● Your objective
Where does the string "Boss" appear in the records? Copy every line that contains it.

[Stored data]

▬▬▬

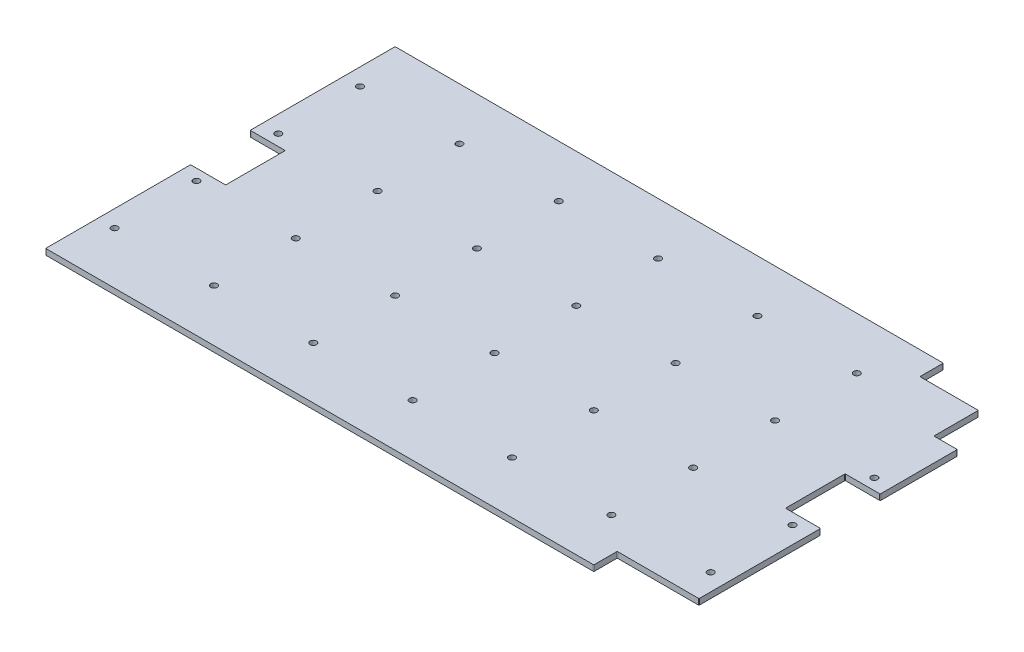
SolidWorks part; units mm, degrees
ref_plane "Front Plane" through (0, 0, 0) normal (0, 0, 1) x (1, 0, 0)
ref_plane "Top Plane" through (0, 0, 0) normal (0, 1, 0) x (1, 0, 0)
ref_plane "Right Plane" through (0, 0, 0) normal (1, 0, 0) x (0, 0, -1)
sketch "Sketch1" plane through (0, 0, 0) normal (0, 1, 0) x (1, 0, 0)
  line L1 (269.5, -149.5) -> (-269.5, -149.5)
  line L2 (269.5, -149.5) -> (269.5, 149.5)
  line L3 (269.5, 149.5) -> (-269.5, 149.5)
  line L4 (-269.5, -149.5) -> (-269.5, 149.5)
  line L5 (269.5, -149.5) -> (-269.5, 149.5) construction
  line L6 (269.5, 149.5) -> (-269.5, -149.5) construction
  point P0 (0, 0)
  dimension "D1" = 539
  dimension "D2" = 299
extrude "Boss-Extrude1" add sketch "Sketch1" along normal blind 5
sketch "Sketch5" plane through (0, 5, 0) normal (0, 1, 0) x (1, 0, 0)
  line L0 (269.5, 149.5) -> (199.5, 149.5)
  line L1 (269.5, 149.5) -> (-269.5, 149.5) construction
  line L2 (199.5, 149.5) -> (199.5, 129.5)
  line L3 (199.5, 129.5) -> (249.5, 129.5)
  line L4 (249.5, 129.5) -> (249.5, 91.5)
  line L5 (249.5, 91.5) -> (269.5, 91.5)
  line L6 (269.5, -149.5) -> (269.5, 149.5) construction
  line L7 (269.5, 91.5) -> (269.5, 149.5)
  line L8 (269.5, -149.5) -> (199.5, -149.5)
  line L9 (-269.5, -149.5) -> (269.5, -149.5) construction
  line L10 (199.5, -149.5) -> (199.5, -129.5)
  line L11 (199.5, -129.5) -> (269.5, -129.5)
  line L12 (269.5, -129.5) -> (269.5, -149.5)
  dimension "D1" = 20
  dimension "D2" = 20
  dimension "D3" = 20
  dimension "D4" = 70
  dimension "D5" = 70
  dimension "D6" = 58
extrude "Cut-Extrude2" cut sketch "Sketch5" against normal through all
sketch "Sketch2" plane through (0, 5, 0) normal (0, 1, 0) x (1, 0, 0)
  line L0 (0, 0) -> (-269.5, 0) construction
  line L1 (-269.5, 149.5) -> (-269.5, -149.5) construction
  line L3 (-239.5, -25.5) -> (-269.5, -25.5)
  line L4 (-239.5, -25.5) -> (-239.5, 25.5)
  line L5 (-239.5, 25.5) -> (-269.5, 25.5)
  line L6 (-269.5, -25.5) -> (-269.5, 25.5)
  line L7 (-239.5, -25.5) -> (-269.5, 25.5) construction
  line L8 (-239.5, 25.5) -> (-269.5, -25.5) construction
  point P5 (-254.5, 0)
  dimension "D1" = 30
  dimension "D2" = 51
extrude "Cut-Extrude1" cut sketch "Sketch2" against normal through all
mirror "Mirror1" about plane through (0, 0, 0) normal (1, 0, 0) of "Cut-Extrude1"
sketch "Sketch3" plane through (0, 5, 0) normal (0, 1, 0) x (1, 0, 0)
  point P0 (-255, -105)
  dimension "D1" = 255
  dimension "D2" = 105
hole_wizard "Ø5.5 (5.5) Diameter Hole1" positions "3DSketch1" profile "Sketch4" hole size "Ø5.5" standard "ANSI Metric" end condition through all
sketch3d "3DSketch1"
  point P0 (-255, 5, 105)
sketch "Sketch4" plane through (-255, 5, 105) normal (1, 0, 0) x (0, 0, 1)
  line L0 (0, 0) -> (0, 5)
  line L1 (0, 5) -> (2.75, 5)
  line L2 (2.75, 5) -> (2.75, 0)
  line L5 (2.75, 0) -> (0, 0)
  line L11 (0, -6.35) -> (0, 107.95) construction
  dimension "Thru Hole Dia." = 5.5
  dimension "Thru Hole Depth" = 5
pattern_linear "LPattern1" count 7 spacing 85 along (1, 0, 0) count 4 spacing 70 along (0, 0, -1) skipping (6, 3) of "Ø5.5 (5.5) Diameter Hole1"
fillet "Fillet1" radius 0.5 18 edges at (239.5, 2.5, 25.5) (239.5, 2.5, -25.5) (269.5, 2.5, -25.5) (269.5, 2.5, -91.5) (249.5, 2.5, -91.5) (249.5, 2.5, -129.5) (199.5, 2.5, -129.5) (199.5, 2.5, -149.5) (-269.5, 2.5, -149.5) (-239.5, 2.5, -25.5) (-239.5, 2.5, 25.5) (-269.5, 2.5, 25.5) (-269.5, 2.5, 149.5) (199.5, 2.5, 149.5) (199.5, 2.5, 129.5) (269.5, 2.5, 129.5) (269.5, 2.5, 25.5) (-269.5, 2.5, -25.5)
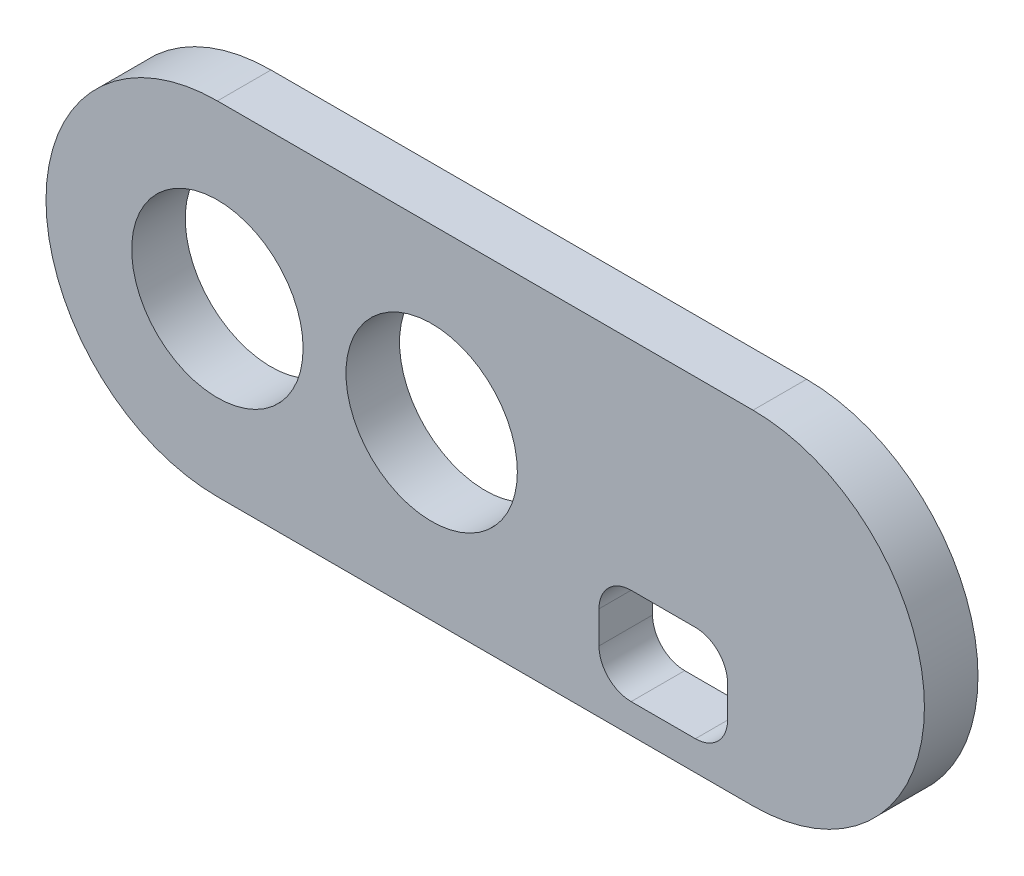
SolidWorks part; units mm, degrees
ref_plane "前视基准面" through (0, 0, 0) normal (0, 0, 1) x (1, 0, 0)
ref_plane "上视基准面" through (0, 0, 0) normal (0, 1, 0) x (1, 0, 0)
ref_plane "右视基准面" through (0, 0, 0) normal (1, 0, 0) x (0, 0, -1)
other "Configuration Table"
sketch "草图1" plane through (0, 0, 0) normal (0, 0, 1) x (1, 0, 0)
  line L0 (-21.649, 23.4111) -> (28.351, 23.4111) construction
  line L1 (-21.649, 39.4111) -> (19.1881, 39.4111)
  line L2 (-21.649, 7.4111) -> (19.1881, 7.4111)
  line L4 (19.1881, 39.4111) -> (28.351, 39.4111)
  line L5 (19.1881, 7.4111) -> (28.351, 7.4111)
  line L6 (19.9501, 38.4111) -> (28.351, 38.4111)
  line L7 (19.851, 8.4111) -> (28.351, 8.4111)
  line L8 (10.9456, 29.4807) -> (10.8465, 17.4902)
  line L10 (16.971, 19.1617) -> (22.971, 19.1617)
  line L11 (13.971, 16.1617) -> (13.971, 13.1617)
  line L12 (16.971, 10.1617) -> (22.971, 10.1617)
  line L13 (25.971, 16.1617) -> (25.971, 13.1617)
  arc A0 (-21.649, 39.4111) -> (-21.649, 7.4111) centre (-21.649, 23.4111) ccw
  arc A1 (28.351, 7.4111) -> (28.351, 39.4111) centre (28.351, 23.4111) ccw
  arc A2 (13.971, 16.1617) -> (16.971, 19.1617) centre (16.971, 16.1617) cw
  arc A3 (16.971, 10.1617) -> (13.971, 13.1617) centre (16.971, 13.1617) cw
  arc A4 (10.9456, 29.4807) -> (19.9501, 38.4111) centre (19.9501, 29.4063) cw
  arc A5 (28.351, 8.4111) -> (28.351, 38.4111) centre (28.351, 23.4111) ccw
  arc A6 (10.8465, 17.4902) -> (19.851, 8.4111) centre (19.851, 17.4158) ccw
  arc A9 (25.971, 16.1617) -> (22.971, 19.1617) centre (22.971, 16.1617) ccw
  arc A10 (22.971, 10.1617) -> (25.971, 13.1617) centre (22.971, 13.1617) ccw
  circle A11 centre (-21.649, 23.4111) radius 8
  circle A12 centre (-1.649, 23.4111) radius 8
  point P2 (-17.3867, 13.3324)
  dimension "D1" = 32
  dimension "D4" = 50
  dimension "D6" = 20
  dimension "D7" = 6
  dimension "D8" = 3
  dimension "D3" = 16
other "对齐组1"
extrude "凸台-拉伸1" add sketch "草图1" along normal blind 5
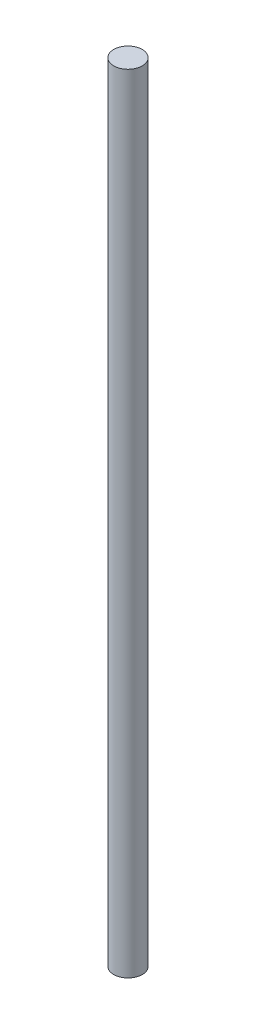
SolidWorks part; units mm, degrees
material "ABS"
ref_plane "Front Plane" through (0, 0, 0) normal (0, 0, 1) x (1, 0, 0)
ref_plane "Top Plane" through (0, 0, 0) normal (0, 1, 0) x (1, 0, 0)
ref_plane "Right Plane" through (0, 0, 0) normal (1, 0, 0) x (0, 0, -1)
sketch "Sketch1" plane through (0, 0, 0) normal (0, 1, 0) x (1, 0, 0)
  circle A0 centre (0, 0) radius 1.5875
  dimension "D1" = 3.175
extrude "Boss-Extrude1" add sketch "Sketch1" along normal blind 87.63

▬▬▬

● Answer below
extrude "Boss-Extrude1" add sketch "Sketch1" along normal blind 5
extrude "Boss-Extrude1" add sketch "Sketch1" along normal blind 87.63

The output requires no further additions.